The inner product processing unit,
When performing the processing of the convolution layer,
(1) The norm mode processing is repeatedly executed for the number of feature maps of the convolutional layer to be processed,
(2) The process of the inner product calculation mode is repeatedly executed by the number of outputs of the convolutional layer to be processed each time the process of the norm mode is performed for each feature map.
The neural network processor according to claim 1.

The inner product processing unit,
When performing the processing of the fully coupled layer,
(1) The process in the norm mode is executed once for all the connected layers to be processed,
(2) The process of the inner product calculation mode is repeatedly executed for the number of outputs of all the connected layers to be processed.
The neural network processor according to claim 1.

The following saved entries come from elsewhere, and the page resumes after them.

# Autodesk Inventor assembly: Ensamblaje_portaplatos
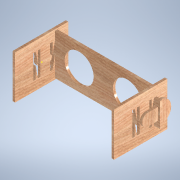
[picture p0: Inventor's stored thumbnail of the model, 180x180]
Saved by Autodesk Inventor 2022 (Build 260153000, 153)
## iProperties
Created: 2023-02-12
Part Number: Ensamblaje_portaplatos
Document SubType Name: Assembly
Designer: USUARIO
Author: USUARIO
## Documents named in this file (4)
- C:\Users\USUARIO\Documents\Academico\2023-I\APM\Modelo comedero\Ensamblaje_portaplatos.iam
- C:\Users\USUARIO\Documents\Academico\2023-I\APM\Modelo comedero\Parte A-B.ipt
- C:\Users\USUARIO\Documents\Academico\2023-I\APM\Modelo comedero\Parte C.ipt
- C:\Users\USUARIO\Documents\Academico\2023-I\APM\Modelo comedero\Parte D.ipt
## Components (5 placed, 3 different names)
1. Parte A-B:1 — Coincidencia:1, Coincidencia:2, Coincidencia:3
2. Parte A-B:2 — Coincidencia:4, Coincidencia:5, Coincidencia:6
3. Parte C:1 — Coincidencia:1, Coincidencia:2, Coincidencia:3, Coincidencia:4, Coincidencia:5, Coincidencia:6, Coincidencia:7, Coincidencia:8, Coincidencia:9, Coincidencia:10
4. Parte D:1 — Coincidencia:9, Coincidencia:10
5. Parte D:2 — Coincidencia:7, Coincidencia:8
## Relationships (10: Mate 10)
- Coincidencia:1 [Mate]: Parte A-B:1 ↔ Parte C:1
- Coincidencia:2 [Mate]: Parte A-B:1 ↔ Parte C:1
- Coincidencia:3 [Mate]: Parte A-B:1 ↔ Parte C:1
- Coincidencia:4 [Mate]: Parte A-B:2 ↔ Parte C:1
- Coincidencia:5 [Mate]: Parte A-B:2 ↔ Parte C:1
- Coincidencia:6 [Mate]: Parte A-B:2 ↔ Parte C:1
- Coincidencia:7 [Mate]: Parte C:1 ↔ Parte D:2
- Coincidencia:8 [Mate]: Parte C:1 ↔ Parte D:2
- Coincidencia:9 [Mate]: Parte C:1 ↔ Parte D:1
- Coincidencia:10 [Mate]: Parte C:1 ↔ Parte D:1

A neural network processing method for performing a multi-valued neural network process including a convolutional layer process and a fully connected layer process,
A control step of setting a scaling coefficient vector which is real vector data, and setting a multi-value basis matrix having multi-value data as elements;
A quantization processing step of performing a quantization process on the feature map input to the convolutional layer and the feature vector input to the fully connected layer, the minimum value of the feature map and the minimum value of the feature vector Is set to an offset value smaller than a predetermined value, and the quantization process is performed using a quantization width obtained based on the maximum value and the minimum value of the feature map and the feature vector. Said quantization processing step;
(1) executing a norm mode for calculating a norm of the feature map and the feature vector; and (2) performing an inner product calculation process using the multi-valued base matrix and the feature map or the feature vector after the quantization process. An inner product processing step of performing the processing of the norm mode, and the processing of the combination of the inner product calculation modes, thereby performing the processing of the convolutional layer and the processing of the fully connected layer. When,
A neural network processing method comprising:

A program for causing a computer to execute the neural network processing method according to claim 5.